# How The EV Demand is Projected to Grow



## electrico (May 18, 2017)

The demand for electric vehicles is projected to rise over the next two decades with worldwide revenues estimated to grow from 84 billion U.S. dollars in 2012 to almost 272 billion U.S. dollars in 2019. Similarly, the number of environmentally-friendly cars in use, including both the hybrid and electric vehicles, reached around 1.3 million units in 2016. Infrastructure improvements, as well as the level of gasoline prices in many countriescontinues to influence demand for electric vehicles.


Reference from Torque News - The EV Demand is Projected to Grow.


----------



## Duncan (Dec 8, 2008)

electrico said:


> The demand for electric vehicles is projected to rise over the next two decades with worldwide revenues estimated to grow from 84 billion U.S. dollars in 2012 to almost 272 billion U.S. dollars in 2019. Similarly, the number of environmentally-friendly cars in use, including both the hybrid and electric vehicles, reached around 1.3 million units in 2016. Infrastructure improvements, as well as the level of gasoline prices in many countriescontinues to influence demand for electric vehicles.
> 
> 
> Reference from Torque News - The EV Demand is Projected to Grow.


EV "Demand" is not a good measure - the "Demand" is that far ahead of "manufacturing capability" that it's not funny


----------



## electrico (May 18, 2017)

I agree with you. Besides with the longer range and lower price the demand will go up even more.


----------



## brian_ (Feb 7, 2017)

electrico said:


> Infrastructure improvements, as well as the level of gasoline prices in many countries continues to influence demand for electric vehicles.
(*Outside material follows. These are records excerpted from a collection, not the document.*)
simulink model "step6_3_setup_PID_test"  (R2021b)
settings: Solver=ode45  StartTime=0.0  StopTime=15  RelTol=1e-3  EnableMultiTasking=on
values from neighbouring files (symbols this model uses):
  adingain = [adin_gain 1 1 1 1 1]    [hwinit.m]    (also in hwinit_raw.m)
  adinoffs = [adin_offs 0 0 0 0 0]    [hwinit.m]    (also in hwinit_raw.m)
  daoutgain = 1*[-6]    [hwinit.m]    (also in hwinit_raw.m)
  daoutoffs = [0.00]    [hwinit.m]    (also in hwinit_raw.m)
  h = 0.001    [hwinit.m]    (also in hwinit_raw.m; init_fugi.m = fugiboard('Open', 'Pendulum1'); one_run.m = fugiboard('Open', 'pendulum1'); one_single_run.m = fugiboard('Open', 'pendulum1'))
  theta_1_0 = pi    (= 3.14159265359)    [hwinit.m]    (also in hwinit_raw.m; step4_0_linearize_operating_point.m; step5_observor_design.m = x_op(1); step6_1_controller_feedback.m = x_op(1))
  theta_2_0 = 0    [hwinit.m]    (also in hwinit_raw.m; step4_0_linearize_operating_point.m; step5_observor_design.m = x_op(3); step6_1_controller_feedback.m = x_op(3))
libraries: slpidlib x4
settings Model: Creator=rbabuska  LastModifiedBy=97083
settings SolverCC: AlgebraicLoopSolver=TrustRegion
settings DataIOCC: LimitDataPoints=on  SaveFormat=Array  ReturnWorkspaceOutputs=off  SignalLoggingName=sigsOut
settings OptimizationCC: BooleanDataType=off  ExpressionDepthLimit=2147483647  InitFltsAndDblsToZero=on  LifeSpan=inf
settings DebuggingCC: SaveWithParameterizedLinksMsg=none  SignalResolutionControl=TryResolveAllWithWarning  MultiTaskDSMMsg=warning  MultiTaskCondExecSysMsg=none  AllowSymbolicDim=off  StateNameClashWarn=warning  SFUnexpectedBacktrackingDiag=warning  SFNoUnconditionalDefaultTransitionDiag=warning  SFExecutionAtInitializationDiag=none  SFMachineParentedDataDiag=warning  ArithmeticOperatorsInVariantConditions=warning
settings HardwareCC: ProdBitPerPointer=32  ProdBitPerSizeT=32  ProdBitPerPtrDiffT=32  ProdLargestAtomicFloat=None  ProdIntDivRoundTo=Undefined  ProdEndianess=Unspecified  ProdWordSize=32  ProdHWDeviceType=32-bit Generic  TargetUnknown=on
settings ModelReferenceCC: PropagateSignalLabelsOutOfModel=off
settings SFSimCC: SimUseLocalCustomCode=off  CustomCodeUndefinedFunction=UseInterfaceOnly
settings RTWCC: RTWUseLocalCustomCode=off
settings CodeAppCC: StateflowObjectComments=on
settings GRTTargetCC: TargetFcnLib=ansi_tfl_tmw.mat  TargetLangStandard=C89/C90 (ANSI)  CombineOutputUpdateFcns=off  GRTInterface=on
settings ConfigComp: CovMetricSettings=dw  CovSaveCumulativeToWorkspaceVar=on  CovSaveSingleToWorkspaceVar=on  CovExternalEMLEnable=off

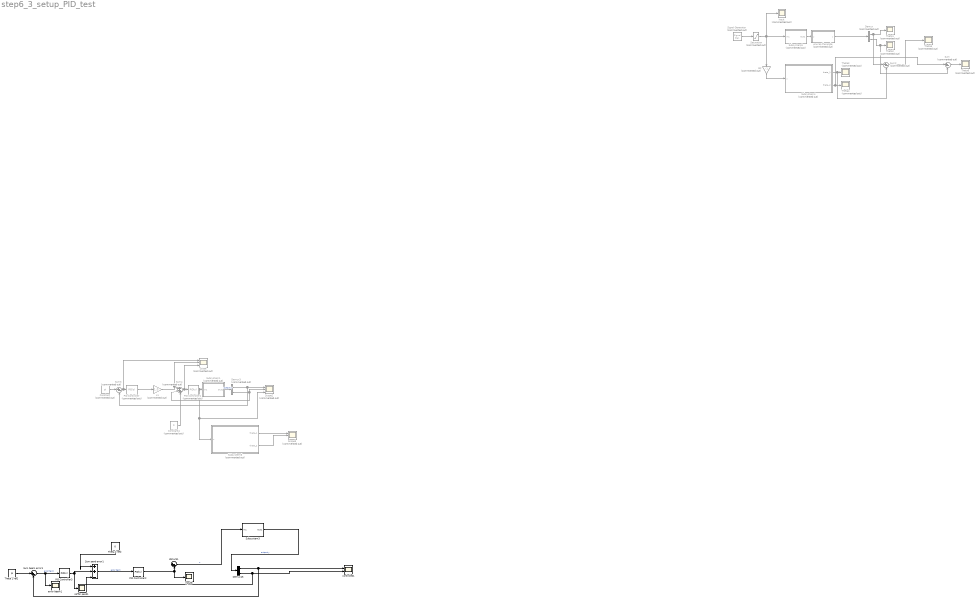
== system step6_3_setup_PID_test ==
  B2 : Gain  Commented=on  Gain=-1
  Constant : Constant  Commented=on  Value=pi
  Constant4 : Constant  Commented=on  Value=0
  Demux : Demux  Commented=on  Outputs=2
  Demux15 : Demux  Outputs=2
  Demux3 : Demux  Commented=on  Outputs=2
  Input : Scope  Commented=on
  L1 : Gain  Commented=on  Gain=1.0
  PID Controller : slpidlib/PID Controller  Commented=on  Controller=PID  Form=Parallel  TimeDomain=Continuous-time  UseExternalTs=off  SampleTime=-1  IntegratorMethod=Forward Euler  FilterMethod=Forward Euler  ControllerParametersSource=internal  P=0.5  I=-0.1  D=-0.079  N=0.05  UseFilter=on  TunerSelectOption=Transfer Function Based (PID Tuner App)  InitialConditionSource=internal  InitialConditionForIntegrator=0  InitialConditionForFilter=0  DifferentiatorICPrevScaledInput=0  ExternalReset=none  TrackingMode=off  Kt=1  LimitOutput=off  SatLimitsSource=internal  UpperSaturationLimit=inf  LowerSaturationLimit=-inf  LinearizeAsGain=on  AntiWindupMode=none  Kb=1  POutMin=[]  POutMax=[]  IOutMin=[]  IOutMax=[]  DOutMin=[]  DOutMax=[]  NOutMin=[]  NOutMax=[]  SumOutMin=[]  SumOutMax=[]  SaturationOutMin=[]  SaturationOutMax=[]  PParamMin=[]  PParamMax=[]  IParamMin=[]  IParamMax=[]  DParamMin=[]  DParamMax=[]  NParamMin=[]  NParamMax=[]  KbParamMin=[]  KbParamMax=[]  KtParamMin=[]  KtParamMax=[]  KbOutMin=[]  KbOutMax=[]  KtOutMin=[]  KtOutMax=[]  IntegratorOutMin=[]  IntegratorOutMax=[]  FilterOutMin=[]  FilterOutMax=[]  SumI1OutMin=[]  SumI1OutMax=[]  SumI2OutMin=[]  SumI2OutMax=[]  SumI3OutMin=[]  SumI3OutMax=[]  SumI4OutMin=[]  SumI4OutMax=[]  SumDOutMin=[]  SumDOutMax=[]  DifferentiatorOutMin=[]  DifferentiatorOutMax=[]  FilterDiffOutCoefMin=[]  FilterDiffOutCoefMax=[]  ReciprocalOutMin=[]  ReciprocalOutMax=[]  SumDenOutMin=[]  SumDenOutMax=[]  SumNumOutMin=[]  SumNumOutMax=[]  DivideOutMin=[]  DivideOutMax=[]  UdiffTsProdOutMin=[]  UdiffTsProdOutMax=[]  NTsProdOutMin=[]  NTsProdOutMax=[]  UintegralTsProdOutMin=[]  UintegralTsProdOutMax=[]  UngainTsProdOutMin=[]  UngainTsProdOutMax=[]  IntegratorContinuousStateAttributes=''  IntegratorStateMustResolveToSignalObject=off  IntegratorRTWStateStorageClass=Auto  FilterContinuousStateAttributes=''  FilterStateMustResolveToSignalObject=off  FilterRTWStateStorageClass=Auto  ParallelPVariant=InternalParameters  IdealPVariant=Disabled  IVariant=InternalParameters  DVariant=InternalParameters  IntegratorVariant=Continuous  SatVariant=Disabled  AWVariant=Passthrough  PCopyVariant=Disabled  TRVariant=Disabled  FdbkBlocksVariant=Forward  IdealPFdbkVariant=Disabled  SatFdbkVariant=Disabled  DerivativeFilterVariant=ContFilter  NVariant=InternalParameters  NCopyVariant=Disabled  FilterICVariant=InternalICsFilter  IntegratorICVariant=InternalICs  ExternalResetVariant=Disabled  TRSumVariant=Passthrough  SumFdbkVariant=Disabled  SumVariant=Sum_PID  TsampFilterVariant=InternalTs  TsampNgainVariant=Passthrough  TsampIntegralVariant=Passthrough  ExternalSaturationOutDataTypeStr=Inherit: Same as second input
  PID Controller1 : slpidlib/PID Controller  Commented=on  Controller=PID  Form=Parallel  TimeDomain=Continuous-time  UseExternalTs=off  SampleTime=-1  IntegratorMethod=Forward Euler  FilterMethod=Forward Euler  ControllerParametersSource=internal  P=3  I=0.1  D=0.0083  N=3  UseFilter=on  TunerSelectOption=Transfer Function Based (PID Tuner App)  InitialConditionSource=internal  InitialConditionForIntegrator=0  InitialConditionForFilter=0  DifferentiatorICPrevScaledInput=0  ExternalReset=none  TrackingMode=off  Kt=1  LimitOutput=off  SatLimitsSource=internal  UpperSaturationLimit=inf  LowerSaturationLimit=-inf  LinearizeAsGain=on  AntiWindupMode=none  Kb=1  POutMin=[]  POutMax=[]  IOutMin=[]  IOutMax=[]  DOutMin=[]  DOutMax=[]  NOutMin=[]  NOutMax=[]  SumOutMin=[]  SumOutMax=[]  SaturationOutMin=[]  SaturationOutMax=[]  PParamMin=[]  PParamMax=[]  IParamMin=[]  IParamMax=[]  DParamMin=[]  DParamMax=[]  NParamMin=[]  NParamMax=[]  KbParamMin=[]  KbParamMax=[]  KtParamMin=[]  KtParamMax=[]  KbOutMin=[]  KbOutMax=[]  KtOutMin=[]  KtOutMax=[]  IntegratorOutMin=[]  IntegratorOutMax=[]  FilterOutMin=[]  FilterOutMax=[]  SumI1OutMin=[]  SumI1OutMax=[]  SumI2OutMin=[]  SumI2OutMax=[]  SumI3OutMin=[]  SumI3OutMax=[]  SumI4OutMin=[]  SumI4OutMax=[]  SumDOutMin=[]  SumDOutMax=[]  DifferentiatorOutMin=[]  DifferentiatorOutMax=[]  FilterDiffOutCoefMin=[]  FilterDiffOutCoefMax=[]  ReciprocalOutMin=[]  ReciprocalOutMax=[]  SumDenOutMin=[]  SumDenOutMax=[]  SumNumOutMin=[]  SumNumOutMax=[]  DivideOutMin=[]  DivideOutMax=[]  UdiffTsProdOutMin=[]  UdiffTsProdOutMax=[]  NTsProdOutMin=[]  NTsProdOutMax=[]  UintegralTsProdOutMin=[]  UintegralTsProdOutMax=[]  UngainTsProdOutMin=[]  UngainTsProdOutMax=[]  IntegratorContinuousStateAttributes=''  IntegratorStateMustResolveToSignalObject=off  IntegratorRTWStateStorageClass=Auto  FilterContinuousStateAttributes=''  FilterStateMustResolveToSignalObject=off  FilterRTWStateStorageClass=Auto  ParallelPVariant=InternalParameters  IdealPVariant=Disabled  IVariant=InternalParameters  DVariant=InternalParameters  IntegratorVariant=Continuous  SatVariant=Disabled  AWVariant=Passthrough  PCopyVariant=Disabled  TRVariant=Disabled  FdbkBlocksVariant=Forward  IdealPFdbkVariant=Disabled  SatFdbkVariant=Disabled  DerivativeFilterVariant=ContFilter  NVariant=InternalParameters  NCopyVariant=Disabled  FilterICVariant=InternalICsFilter  IntegratorICVariant=InternalICs  ExternalResetVariant=Disabled  TRSumVariant=Passthrough  SumFdbkVariant=Disabled  SumVariant=Sum_PID  TsampFilterVariant=InternalTs  TsampNgainVariant=Passthrough  TsampIntegralVariant=Passthrough  ExternalSaturationOutDataTypeStr=Inherit: Same as second input
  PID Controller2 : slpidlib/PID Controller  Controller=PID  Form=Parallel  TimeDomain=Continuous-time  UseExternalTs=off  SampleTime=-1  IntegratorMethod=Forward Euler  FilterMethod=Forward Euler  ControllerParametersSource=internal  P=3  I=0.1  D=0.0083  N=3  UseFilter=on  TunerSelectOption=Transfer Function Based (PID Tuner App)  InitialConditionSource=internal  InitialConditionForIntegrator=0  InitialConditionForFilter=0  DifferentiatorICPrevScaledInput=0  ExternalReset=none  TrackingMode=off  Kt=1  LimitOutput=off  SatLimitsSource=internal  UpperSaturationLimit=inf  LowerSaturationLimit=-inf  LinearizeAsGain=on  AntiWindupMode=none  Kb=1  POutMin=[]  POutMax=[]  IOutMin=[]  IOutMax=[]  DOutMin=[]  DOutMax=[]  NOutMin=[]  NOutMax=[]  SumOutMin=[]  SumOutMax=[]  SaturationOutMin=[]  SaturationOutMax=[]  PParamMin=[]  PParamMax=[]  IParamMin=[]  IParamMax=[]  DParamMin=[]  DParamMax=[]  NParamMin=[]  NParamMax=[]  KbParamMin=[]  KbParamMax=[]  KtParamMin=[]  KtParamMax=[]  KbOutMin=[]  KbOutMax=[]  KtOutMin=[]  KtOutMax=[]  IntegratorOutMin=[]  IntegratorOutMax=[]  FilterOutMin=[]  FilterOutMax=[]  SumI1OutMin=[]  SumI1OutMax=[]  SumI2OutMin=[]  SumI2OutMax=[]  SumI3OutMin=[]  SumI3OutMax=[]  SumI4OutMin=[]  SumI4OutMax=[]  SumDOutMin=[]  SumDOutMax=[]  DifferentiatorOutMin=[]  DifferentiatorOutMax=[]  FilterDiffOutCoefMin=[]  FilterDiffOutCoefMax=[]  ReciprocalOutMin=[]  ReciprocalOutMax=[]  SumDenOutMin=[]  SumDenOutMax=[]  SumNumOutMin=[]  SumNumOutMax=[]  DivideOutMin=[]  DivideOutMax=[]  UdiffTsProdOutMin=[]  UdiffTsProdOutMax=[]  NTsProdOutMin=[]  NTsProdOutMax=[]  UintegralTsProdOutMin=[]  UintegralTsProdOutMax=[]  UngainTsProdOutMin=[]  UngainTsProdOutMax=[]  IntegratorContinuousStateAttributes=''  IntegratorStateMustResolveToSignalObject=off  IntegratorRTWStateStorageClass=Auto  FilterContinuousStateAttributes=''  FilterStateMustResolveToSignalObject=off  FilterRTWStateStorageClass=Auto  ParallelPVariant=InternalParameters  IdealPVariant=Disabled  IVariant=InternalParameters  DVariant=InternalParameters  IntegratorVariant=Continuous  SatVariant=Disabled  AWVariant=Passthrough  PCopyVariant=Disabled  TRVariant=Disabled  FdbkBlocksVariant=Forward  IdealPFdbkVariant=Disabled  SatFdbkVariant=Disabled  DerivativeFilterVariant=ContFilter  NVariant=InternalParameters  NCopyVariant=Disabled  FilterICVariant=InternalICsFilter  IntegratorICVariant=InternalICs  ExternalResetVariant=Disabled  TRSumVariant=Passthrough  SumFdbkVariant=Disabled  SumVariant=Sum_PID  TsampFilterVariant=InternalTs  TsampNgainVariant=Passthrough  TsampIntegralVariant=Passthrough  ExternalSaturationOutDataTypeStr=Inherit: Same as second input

Don't ignore subsidies, which have proven to have huge effects on sales, especially of moderately-priced models but even of Teslas. Substantial subsidies cannot be continued when EVs reach a more than trivial fraction of vehicle sales volume.


----------



## Karter2 (Nov 17, 2011)

Duncan said:


> EV "Demand" is not a good measure - the "Demand" is that far ahead of "manufacturing capability" that it's not funny


 Yes, Demand is probably the wrong word.
There is a void between what the demand is for, and what is actually available
I suspect that anyone who really "wants" an EV , could go out today and buy one, possibly even drive one away. Im sure Nissan (Leaf), GM (Bolt), Ford, BMW (i3, 530e, etc), Renault, VW, MB, Tesla, etc etc would be happy to cater to you (Sure Tesla will make you wait most likely)....depending on where you live.
But the point is, EVs are readily available, just maybe not in the form or cost bracket, that the mass market demand wants !
There is a "Market" for practical, affordable, EVs, ....but that EV doesnt seem to exist yet.


----------



## MattsAwesomeStuff (Aug 10, 2017)

> The demand for electric vehicles is projected to rise over the next two decades


Golly gee, ya think?

News at 9, tune in, where we reveal scientists latest conclusions that water is wet.



> V "Demand" is not a good measure - the "Demand" is that far ahead of "manufacturing capability" that it's not funny


That's not what demand is.

Demand for electric vehicles hasn't really changed much in 30 years. Maybe a slight uptick due to charging infrastructure. But the same number and same kinds of people to whom an EV was attractive 30 years ago is what we have today.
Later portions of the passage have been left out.